# Glory B Wildhaus's FIRST Agility Trial!



## MaggieRoseLee (Aug 17, 2001)

Tried to explain it for newbies to the sport. So proud of her and how well she did! I had no interest in Qualifying, just seeing her attitude/attention and work on the finer points (like her 2on/2off contacts!).





 
ENJOY!


----------



## Jax08 (Feb 13, 2009)

That's wonderful! Jax's first run knocked me flat on my back at the judge's feet! :rofl:


----------



## Alyalanna (May 28, 2011)

Awesome video! Thank you for posting it and thanks for the comments for noobs like me that don't understand everything that is going on. Dog agility looks like the next best thing to horse jumping.


----------



## onyx'girl (May 18, 2007)

I love your comments! GloryB looked great, and so enthusiastic. Did she get to hug the judge after all?


----------



## wildo (Jul 27, 2006)

Dang it. Kinda jealous of you all now. For whatever reason, I can't get the video to render past 0:37. Guess I'll have to check it in the morning.


----------



## Lucy Dog (Aug 10, 2008)

Watching this makes me want to get lucy in agility. Looks like a lot of fun. Congrats to both of you.


----------



## selzer (May 7, 2005)

That looked like fun.


----------



## LuvourGSDs (Jan 14, 2007)

Cool...............    She looked great ! Is she ok ?


----------



## wildo (Jul 27, 2006)

Finally got it to play. Those runs look really nice! Was that you clapping in the first two?


----------



## MaggieRoseLee (Aug 17, 2001)

LuvourGSDs said:


> Cool...............    She looked great ! Is she ok ?

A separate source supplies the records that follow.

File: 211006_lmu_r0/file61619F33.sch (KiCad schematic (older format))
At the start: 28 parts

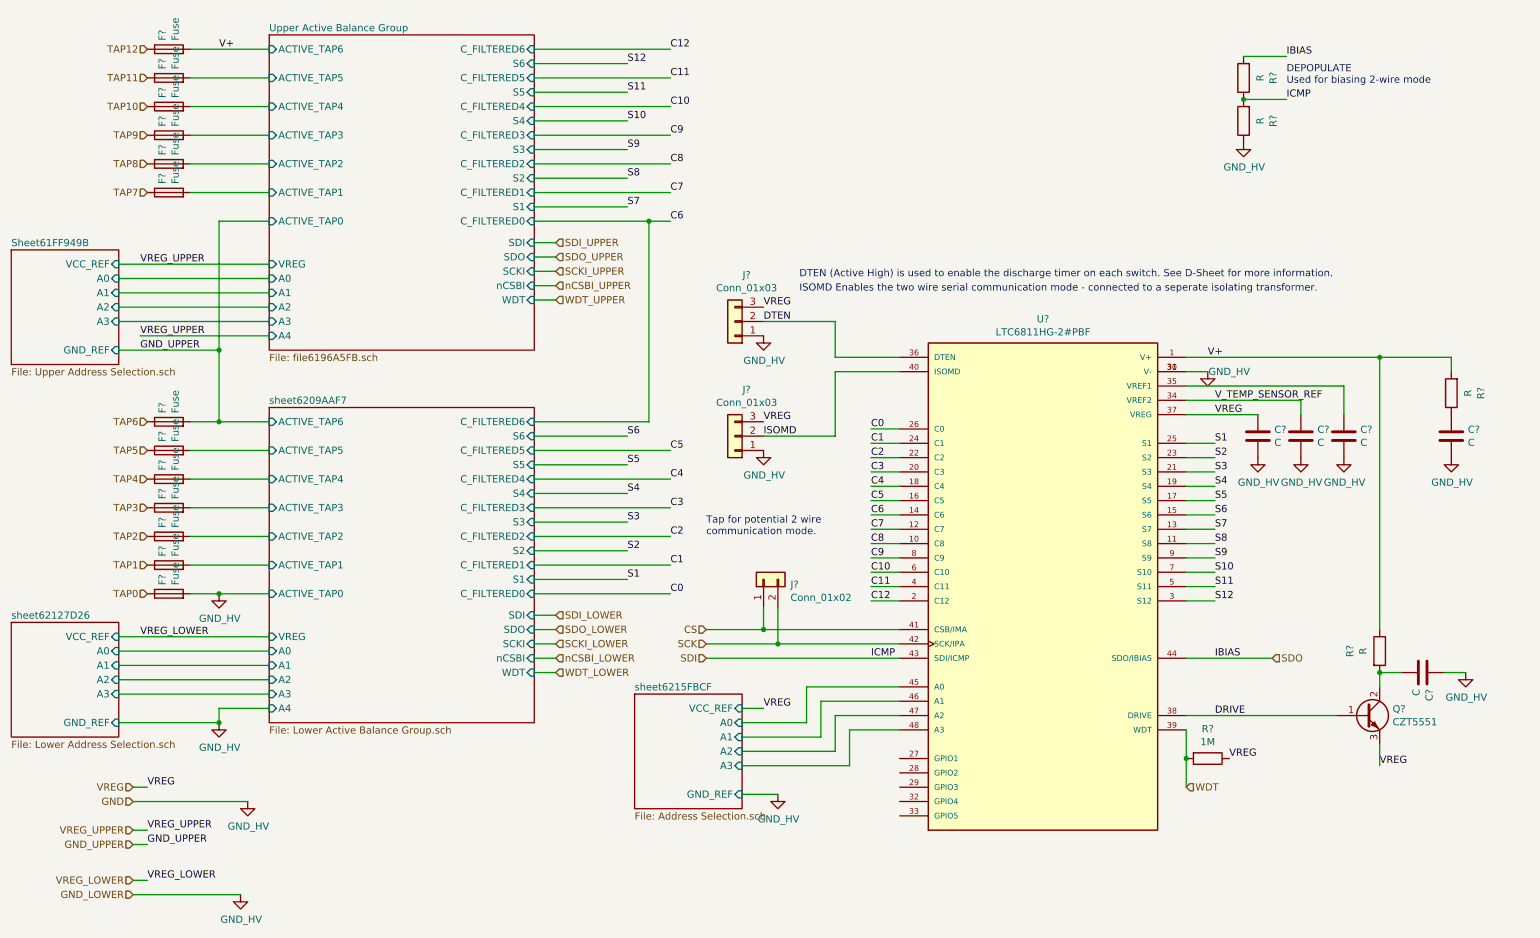
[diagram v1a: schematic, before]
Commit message: Updated BOM and footprints for non-hv components
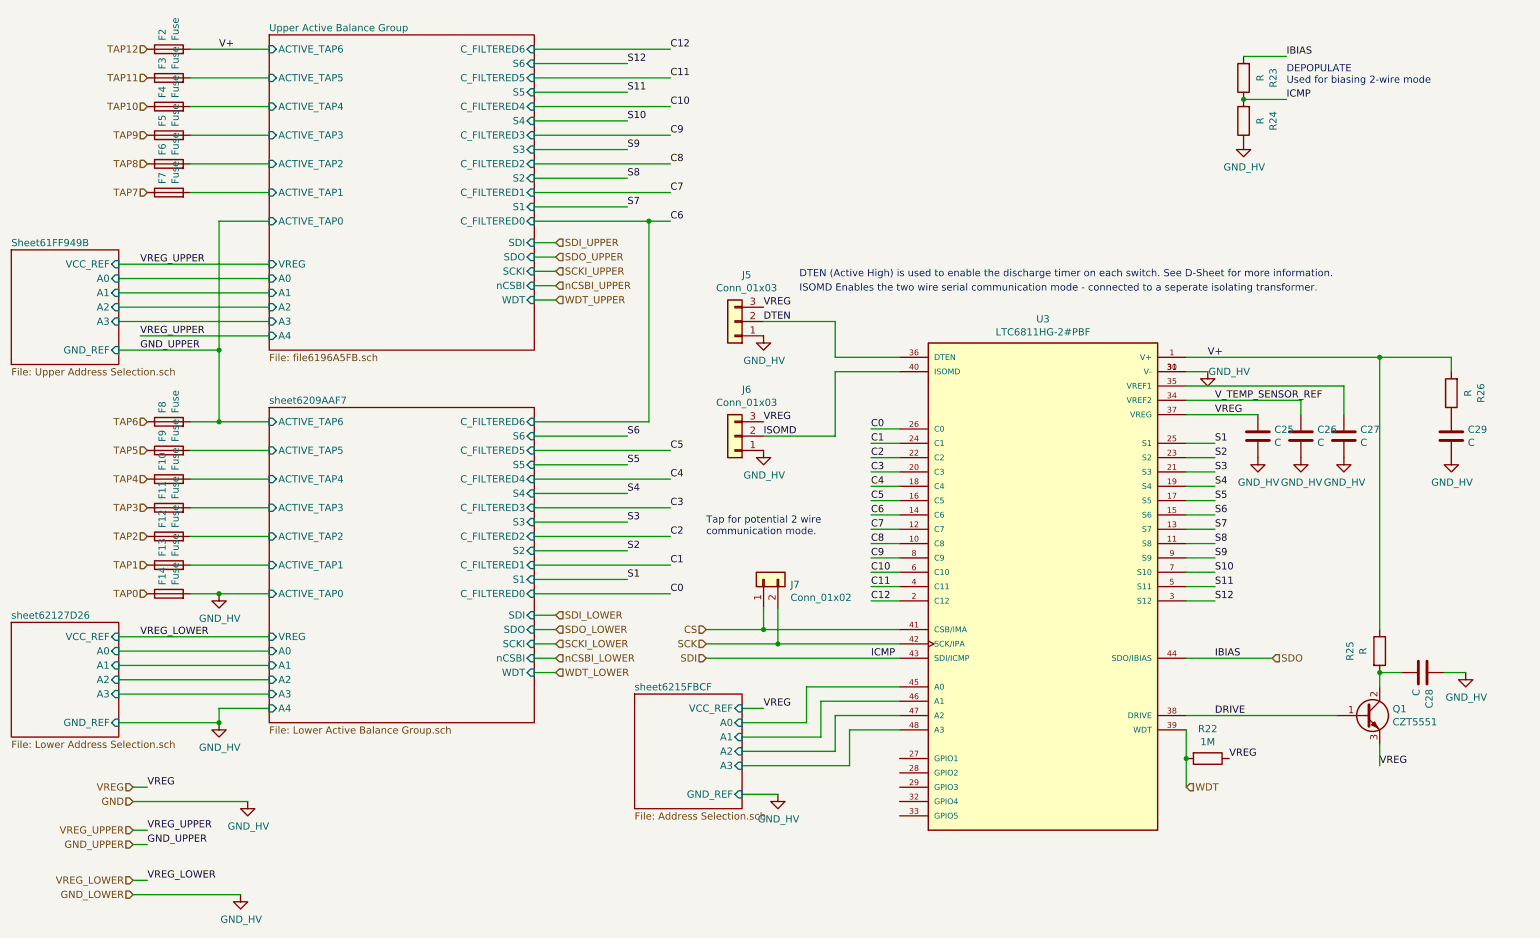
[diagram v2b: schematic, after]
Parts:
- gave numbers to parts that had none: 28

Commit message: Added most footprint requirements in HV
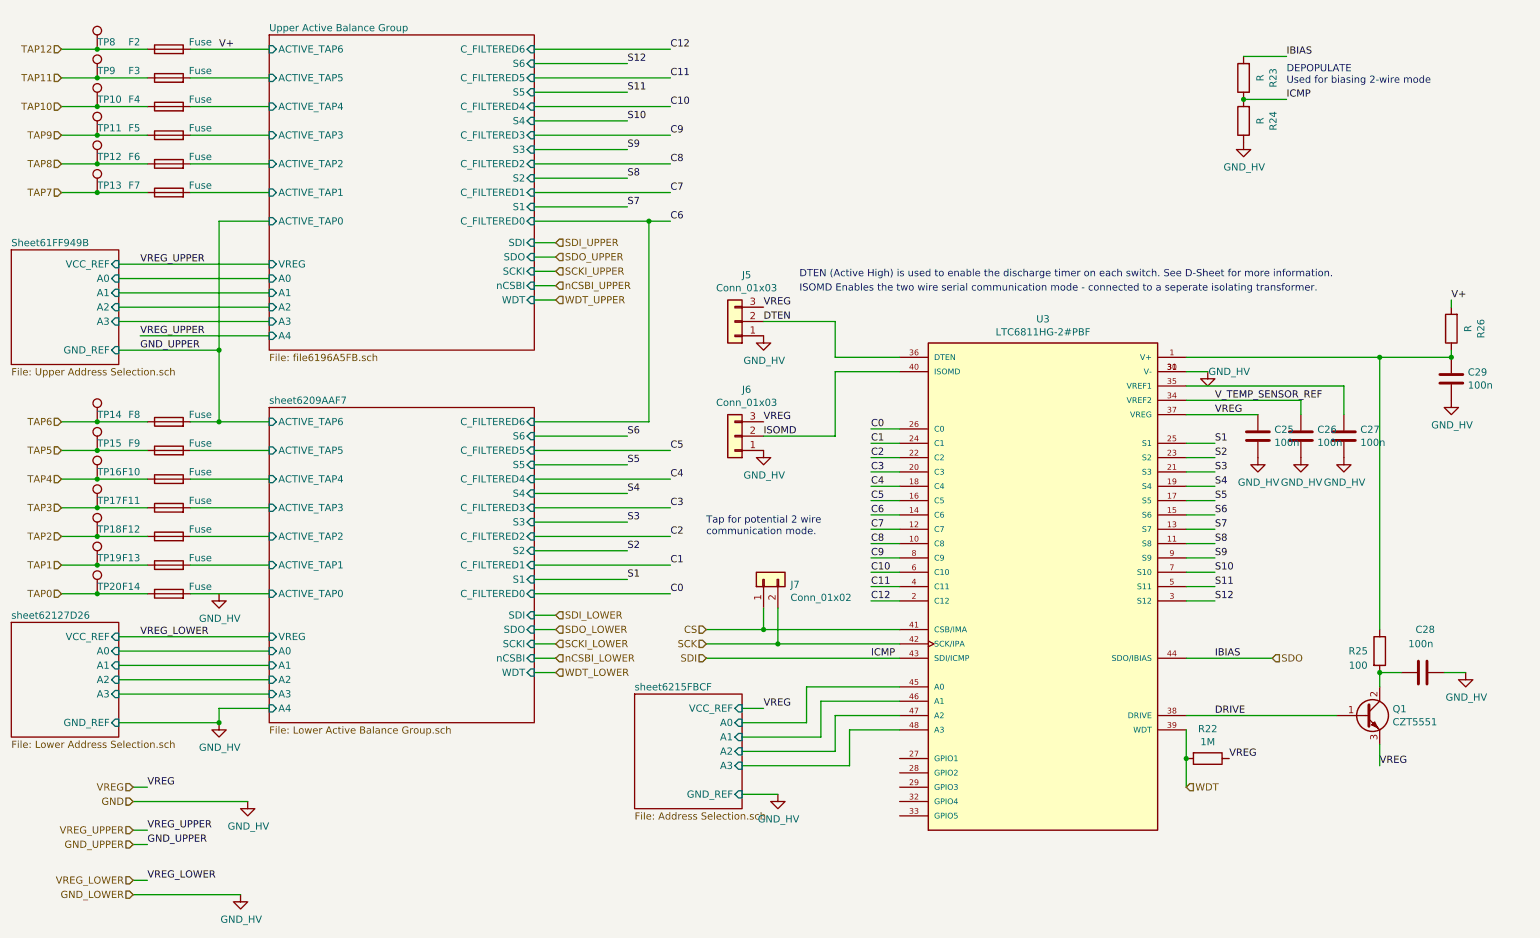
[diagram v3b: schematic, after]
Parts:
- added TP10, TP11, TP12, TP13, TP14, TP15, TP16, TP17, TP18, TP19, TP20, TP8, TP9: TestPoint, symbol Connector:TestPoint
- C25, C26, C27: value C -> 100n; footprint (none) -> Capacitor_SMD:C_0603_1608Metric_Pad1.08x0.95mm_HandSolder
- C28, C29: value C -> 100n; footprint (none) -> Capacitor_SMD:C_0805_2012Metric_Pad1.18x1.45mm_HandSolder
- F10, F11, F12, F13, F14, F2, F3, F4, F5, F6, F7, F8, F9: footprint (none) -> Fuse:Fuse_0805_2012Metric_Pad1.15x1.40mm_HandSolder
- J5, J6: footprint (none) -> Connector_PinHeader_2.54mm:PinHeader_1x03_P2.54mm_Vertical
- J7: footprint (none) -> Connector_PinHeader_2.54mm:PinHeader_1x02_P2.54mm_Vertical
- R22: footprint (none) -> Resistor_SMD:R_0603_1608Metric_Pad0.98x0.95mm_HandSolder
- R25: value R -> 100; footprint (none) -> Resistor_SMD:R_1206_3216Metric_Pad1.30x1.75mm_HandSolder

Listening to my friends/fans talking after the aframe on the standard run would worry anyone!  I'm not sure what they were seeing but they saw it FAST and live. I think the weird way she flipped up and over the aframe (and she's NEVER done that before) looked and sounded off. And they've never seen Glory's jumping style before so that may have added to everything. PLUS she was REALLY weird/slow on the dog walk, but I'd watched about 10 dogs thru the day also run the dogwalk super carefully so I was expecting that. BUT SHE WAS FINE. When I finished the run, I had her run around and they watched and she appeared fine. The last run on the video took place about 1 hour later and you can see she's fine. 

*Alyalanna, *agility started as a demo during a HORSE show in England. A jump show! Many people who used to jump horses are now in dog agility in the USA and all that horse training is a big help to their runs. Course the view is different from on top of the horse rather than beside the dog! http://en.wikipedia.org/wiki/History_of_dog_agility

*Wildo*, glad you got to watch it finally. That IS me clapping. Not my normal running style at all  I just wanted to make sure she'd stay focused and enthusiastic on ME and didn't want to be using words to muddy the handling. You know how I'm always going on and on about our dogs ATTITUDE being the most important thing in agility. We want fun AND fast. That was my goal for the trial, FUN FAST FOCUSED.... and I got it. So now I can continue to work on that and some of the handling skills mixed in. Clearly I need to practice the darn panel jump, and contacts almost always break down at a trial.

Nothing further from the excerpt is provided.